Learning when to trust our thinking, and when to let it go, we begin to live more peaceful lives. Worry and upset never brings solutions to difficult situations. We are much more likely to access our wisdom and abilities when we are at peace. When natural insight occurs, solutions are visible that we were never able to see before.
How do you get from a place of worry and stress to a more peaceful moment when insight is possible? It begins by bringing yourself back to the present moment, the here and now. At this moment in time, is there anything you can do about the situation? If there is, do it! Then move on. If you can do nothing, why waste this moment worrying about it?
Many times, something from the past causes stress and unhappiness. The past cannot be changed, and watching the instant replay via your thinking, of something that occurred in the past, whether a week ago or twenty years ago, can cause you to feel the pain and hurt over and over again! It’s not helpful, so why put yourself through it? As the thinker, you have a choice. You can’t stop thoughts from popping into your head, and you have the option of watching the whole rerun episode again or choosing to point your thoughts in another direction by calling a friend, going for a walk or whatever it takes to distract yourself.
Garrett Kramer, in his book “Stillpower,” which is focused on athletic performance says, “Most of us, unfortunately, do not permit our negative thoughts to settle. We fail to realize that it is always unproductive to wage war with our thinking to elevate performance levels or states of mind. In truth, fearing or trying to deal with negative thoughts only gives them more power.”
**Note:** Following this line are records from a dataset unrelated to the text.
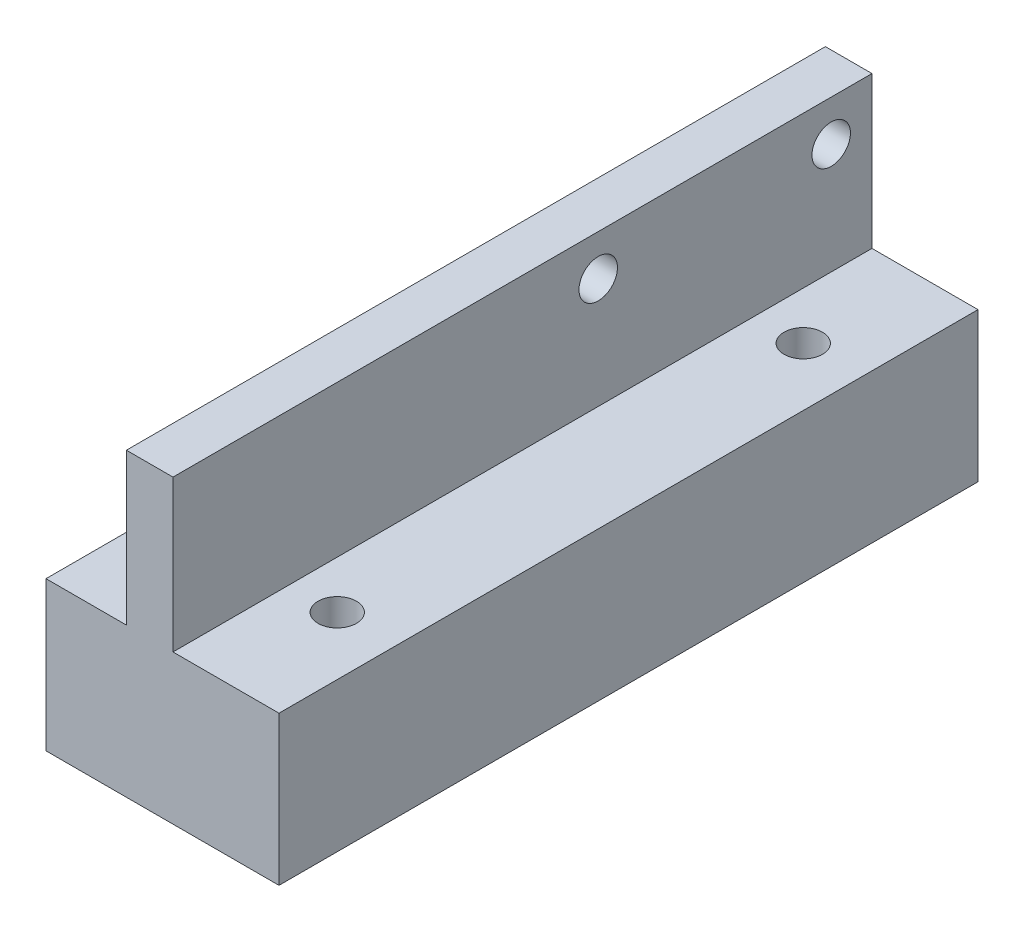
from build123d import *

# Parameters (mm, degrees)
SKETCH1_W           = 20
SKETCH1_H           = 60
SKETCH1_R           = 1.65
BOSS_EXTRUDE1_DEPTH = 12.8
SKETCH2_W           = 4
SKETCH2_H           = 60
BOSS_EXTRUDE3_DEPTH = 13
SKETCH3_R           = 1.65
CUT_EXTRUDE1_DEPTH  = 4


with BuildPart() as part:
    # Sketch1 → Boss-Extrude1 (new body)
    with BuildSketch(Plane(origin=(0, 0, 0), x_dir=(1, 0, 0), z_dir=(0, 1, 0))):
        Rectangle(SKETCH1_W, SKETCH1_H)
        with Locations(Location((5, 20, 0), (0, 0, 270))):
            Circle(SKETCH1_R, mode=Mode.SUBTRACT)
        with Locations(Location((5, -20, 0), (0, 0, 270))):
            Circle(SKETCH1_R, mode=Mode.SUBTRACT)
    extrude(amount=BOSS_EXTRUDE1_DEPTH)

    # Sketch2 → Boss-Extrude3 (add)
    with BuildSketch(Plane(origin=(0, 12.8, 0), x_dir=(1, 0, 0), z_dir=(0, 1, 0))):
        with Locations((-1.1, 0)):
            Rectangle(SKETCH2_W, SKETCH2_H)
    extrude(amount=BOSS_EXTRUDE3_DEPTH)

    # Sketch3 → Cut-Extrude1 (cut)
    with BuildSketch(Plane(origin=(0.9, 0, 0), x_dir=(0, 0, -1), z_dir=(1, 0, 0))):
        with Locations((6.5, 22.3)):
            Circle(SKETCH3_R)
        with Locations((26.5, 22.3)):
            Circle(SKETCH3_R)
    extrude(amount=-CUT_EXTRUDE1_DEPTH, mode=Mode.SUBTRACT)


solid = part.part

Our ability to be at peace is always with us; only our thinking gets in the way. Recognizing how powerful thoughts are, whether being used with hypnosis to stop bleeding or with neurofeedback to improve sleep patterns, is amazing. It is equally amazing to realize that power is always available to us once we are aware of it. As my favorite theosopher, Sydney Banks wrote in The Missing Link, “Your thoughts are like the artist’s brush. They create a personal picture of the reality you live in”.
I hope you create beautiful pictures for your reality.